(Stored entries)
┌────────

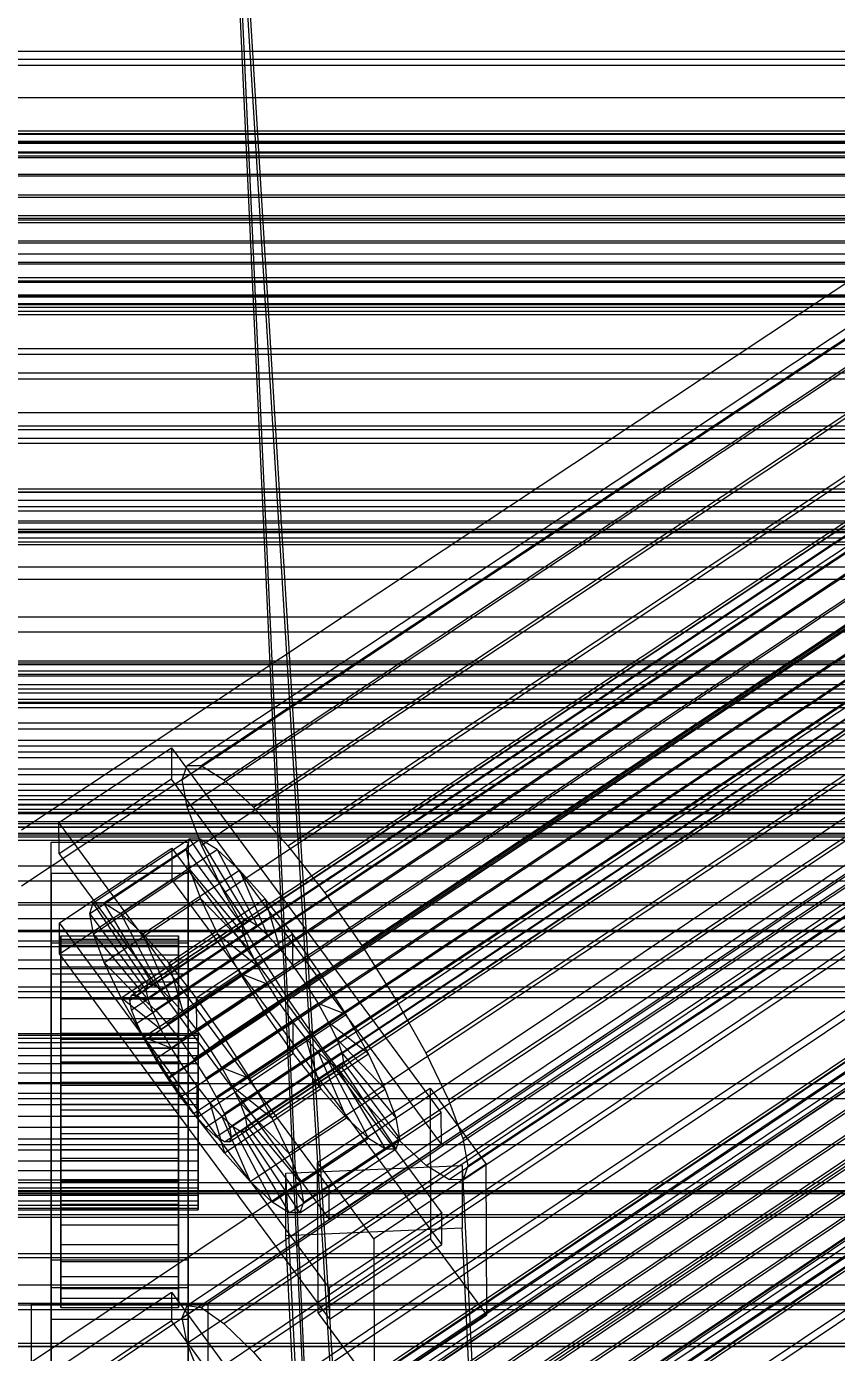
# Model space of a CAD drawing. Header units: millimetres. Extents: x -191664 to 191490, y -197311 to 10263.
# Drawn here: x 130.5 to 213.1, y -31105.9 to -30970.6 of the extents above; entities that cross this region are included whole.
import ezdxf

# ---------------------------------------------------------------- set-up
doc = ezdxf.new("R2010")
doc.units = ezdxf.units.MM
for name, color, linetype, lineweight in [('COTAS_USUARIO', 1, 'Continuous', 0), ('frontal_briquetadora', 7, 'Continuous', 0), ('frontal_C01', 7, 'Continuous', 0), ('frontal_C02', 7, 'Continuous', 0), ('frontal_C03', 7, 'Continuous', 0), ('frontal_mezcladora', 7, 'Continuous', 0), ('frontal_mix-C02', 7, 'Continuous', 0), ('frontal_secador', 7, 'Continuous', 0)]:
    doc.layers.add(name, color=color, linetype=linetype, lineweight=lineweight)
doc.dimstyles.new('PLANTA_100', dxfattribs={"dimtxt": 250, "dimasz": 150, "dimexe": 150, "dimexo": 80, "dimgap": 100, "dimtad": 1, "dimtih": 1, "dimtoh": 1, "dimdec": 1, "dimdsep": 46, "dimcen": 0.09, "dimclrd": 1, "dimclre": 1, "dimclrt": 1, "dimadec": 0, "dimazin": 0, "dimtfac": 1, "dimtdec": 4, "dimtofl": 0, "dimtmove": 0, "dimatfit": 3, "dimfxl": 1, "dimtolj": 1, "dimtzin": 0, "dimarcsym": 0})

# ---------------------------------------------------------------- blocks, each defined once
blk = doc.blocks.new('*D104')
at = {"layer": 'COTAS_USUARIO', "color": 1, "lineweight": -2, "transparency": 16777216}
for p, q in [((1220, -30125), (1220, -29975)), ((100, -30275), (1370, -30275)), ((100, -30730), (1370, -30730)), ((1220, -30880), (1220, -31030))]:
    blk.add_line(p, q, dxfattribs=at)
at = {"layer": 'COTAS_USUARIO', "color": 1, "transparency": 16777216}
for points in [[(1195, -30125), (1245, -30125), (1220, -30275)], [(1195, -30880), (1245, -30880), (1220, -30730)]]:
    blk.add_solid(points, dxfattribs=at)
at = {"layer": 'Defpoints', "color": 0, "transparency": 16777216}
for p in [(20, -30275), (20, -30730), (1220, -30730)]:
    blk.add_point(p, dxfattribs=at)
blk = doc.blocks.new('*D105')
at = {"layer": 'COTAS_USUARIO', "color": 1, "lineweight": -2, "transparency": 16777216}
for p, q in [((1220, -30535), (1220, -30385)), ((100, -30685), (1370, -30685)), ((100, -30730), (1370, -30730)), ((1220, -30880), (1220, -31030))]:
    blk.add_line(p, q, dxfattribs=at)
at = {"layer": 'COTAS_USUARIO', "color": 1, "transparency": 16777216}
for points in [[(1195, -30535), (1245, -30535), (1220, -30685)], [(1195, -30880), (1245, -30880), (1220, -30730)]]:
    blk.add_solid(points, dxfattribs=at)
at = {"layer": 'Defpoints', "color": 0, "transparency": 16777216}
for p in [(20, -30685), (20, -30730), (1220, -30730)]:
    blk.add_point(p, dxfattribs=at)
blk = doc.blocks.new('*D112')
at = {"layer": 'COTAS_USUARIO', "color": 1, "lineweight": -2, "transparency": 16777216}
for p, q in [((1220, -30517.25), (1220, -30367.25)), ((100, -30667.25), (1370, -30667.25)), ((100, -30730), (1370, -30730)), ((1220, -30880), (1220, -31030))]:
    blk.add_line(p, q, dxfattribs=at)
at = {"layer": 'COTAS_USUARIO', "color": 1, "transparency": 16777216}
for points in [[(1195, -30517.25), (1245, -30517.25), (1220, -30667.25)], [(1195, -30880), (1245, -30880), (1220, -30730)]]:
    blk.add_solid(points, dxfattribs=at)
at = {"layer": 'Defpoints', "color": 0, "transparency": 16777216}
for p in [(20, -30667.25), (20, -30730), (1220, -30730)]:
    blk.add_point(p, dxfattribs=at)
blk = doc.blocks.new('*D113')
at = {"layer": 'COTAS_USUARIO', "color": 1, "lineweight": -2, "transparency": 16777216}
for p, q in [((1220, -30517.25), (1220, -30367.25)), ((100, -30667.25), (1370, -30667.25)), ((100, -30730), (1370, -30730)), ((1220, -30880), (1220, -31030))]:
    blk.add_line(p, q, dxfattribs=at)
at = {"layer": 'COTAS_USUARIO', "color": 1, "transparency": 16777216}
for points in [[(1195, -30517.25), (1245, -30517.25), (1220, -30667.25)], [(1195, -30880), (1245, -30880), (1220, -30730)]]:
    blk.add_solid(points, dxfattribs=at)
at = {"layer": 'Defpoints', "color": 0, "transparency": 16777216}
for p in [(20, -30667.25), (20, -30730), (1220, -30730)]:
    blk.add_point(p, dxfattribs=at)
blk = doc.blocks.new('*D114')
at = {"layer": 'COTAS_USUARIO', "color": 1, "lineweight": -2, "transparency": 16777216}
for p, q in [((1200, -30765), (1200, -30615)), ((80, -30915), (1350, -30915)), ((80, -31328.5), (1350, -31328.5)), ((1200, -31478.5), (1200, -31628.5))]:
    blk.add_line(p, q, dxfattribs=at)
at = {"layer": 'COTAS_USUARIO', "color": 1, "transparency": 16777216}
for points in [[(1175, -30765), (1225, -30765), (1200, -30915)], [(1175, -31478.5), (1225, -31478.5), (1200, -31328.5)]]:
    blk.add_solid(points, dxfattribs=at)
at = {"layer": 'Defpoints', "color": 0, "transparency": 16777216}
for p in [(0, -30915), (0, -31328.5), (1200, -31328.5)]:
    blk.add_point(p, dxfattribs=at)

msp = doc.modelspace()

# ---------------------------------------------------------------- linework, layer by layer
at = {"layer": 'frontal_briquetadora', "color": 251, "true_color": 0x53616b}
for p, q in [((-1330, -31000), (490, -31000)), ((-1330, -31010), (490, -31010))]:
    msp.add_line(p, q, dxfattribs=at)
at = {"layer": 'frontal_C01', "color": 252, "true_color": 0x83939a}
for p, q in [((146.87, -31046.02), (331.18, -30923.69)), ((148.32, -31046.03), (332.63, -30923.7)), ((146.38, -31047.46), (330.69, -30925.12)), ((150.63, -31047.48), (334.94, -30925.15)), ((146.89, -31050.23), (331.2, -30927.9)), ((153.64, -31050.27), (337.95, -30927.93)), ((148.35, -31054.16), (332.66, -30931.83)), ((157.15, -31054.21), (341.46, -30931.87)), ((150.67, -31058.98), (334.98, -30936.65)), ((345.23, -30936.7), (160.92, -31059.03)), ((153.69, -31064.35), (338, -30942.02)), ((164.69, -31064.41), (349, -30942.07)), ((157.21, -31069.92), (341.52, -30947.58)), ((168.21, -31069.97), (352.52, -30947.64)), ((160.98, -31075.29), (345.29, -30952.96)), ((171.23, -31075.34), (355.54, -30953.01)), ((164.75, -31080.12), (349.06, -30957.78)), ((173.55, -31080.16), (357.86, -30957.83)), ((168.26, -31084.06), (352.57, -30961.73)), ((175.02, -31084.09), (359.33, -30961.76)), ((171.28, -31086.85), (355.58, -30964.51)), ((175.52, -31086.87), (359.83, -30964.54)), ((173.58, -31088.29), (357.89, -30965.96)), ((175.03, -31088.3), (359.34, -30965.97)), ((146.38, -31047.46), (146.87, -31046.02)), ((146.87, -31046.02), (148.32, -31046.03)), ((148.32, -31046.03), (150.63, -31047.48)), ((146.89, -31050.23), (146.38, -31047.46)), ((150.63, -31047.48), (153.64, -31050.27)), ((148.35, -31054.16), (146.89, -31050.23)), ((153.64, -31050.27), (157.15, -31054.21)), ((150.67, -31058.98), (148.35, -31054.16)), ((157.15, -31054.21), (160.92, -31059.03)), ((153.69, -31064.35), (150.67, -31058.98)), ((160.92, -31059.03), (164.69, -31064.41)), ((157.21, -31069.92), (153.69, -31064.35)), ((164.69, -31064.41), (168.21, -31069.97)), ((160.98, -31075.29), (157.21, -31069.92)), ((168.21, -31069.97), (171.23, -31075.34)), ((164.75, -31080.12), (160.98, -31075.29)), ((171.23, -31075.34), (173.55, -31080.16)), ((168.26, -31084.06), (164.75, -31080.12)), ((173.55, -31080.16), (175.02, -31084.09)), ((171.28, -31086.85), (168.26, -31084.06)), ((175.02, -31084.09), (175.52, -31086.87)), ((173.58, -31088.29), (171.28, -31086.85)), ((175.52, -31086.87), (175.03, -31088.3)), ((175.03, -31088.3), (173.58, -31088.29))]:
    msp.add_line(p, q, dxfattribs=at)
at = {"layer": 'frontal_C01', "color": 9, "true_color": 0xbac6cb}
for p, q in [((141.22, -31069.46), (355.02, -30927.55)), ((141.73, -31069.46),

└────────

_PROBLEM TO WORK ON:_
Restate word for word only the lines from where the entries begin through the one with "doc.units = ezdxf.units.MM"; omit the pictures.

_EXERCISE SOLUTION:_
# Model space of a CAD drawing. Header units: millimetres. Extents: x -191664 to 191490, y -197311 to 10263.
# Drawn here: x 130.5 to 213.1, y -31105.9 to -30970.6 of the extents above; entities that cross this region are included whole.
import ezdxf

# ---------------------------------------------------------------- set-up
doc = ezdxf.new("R2010")
doc.units = ezdxf.units.MM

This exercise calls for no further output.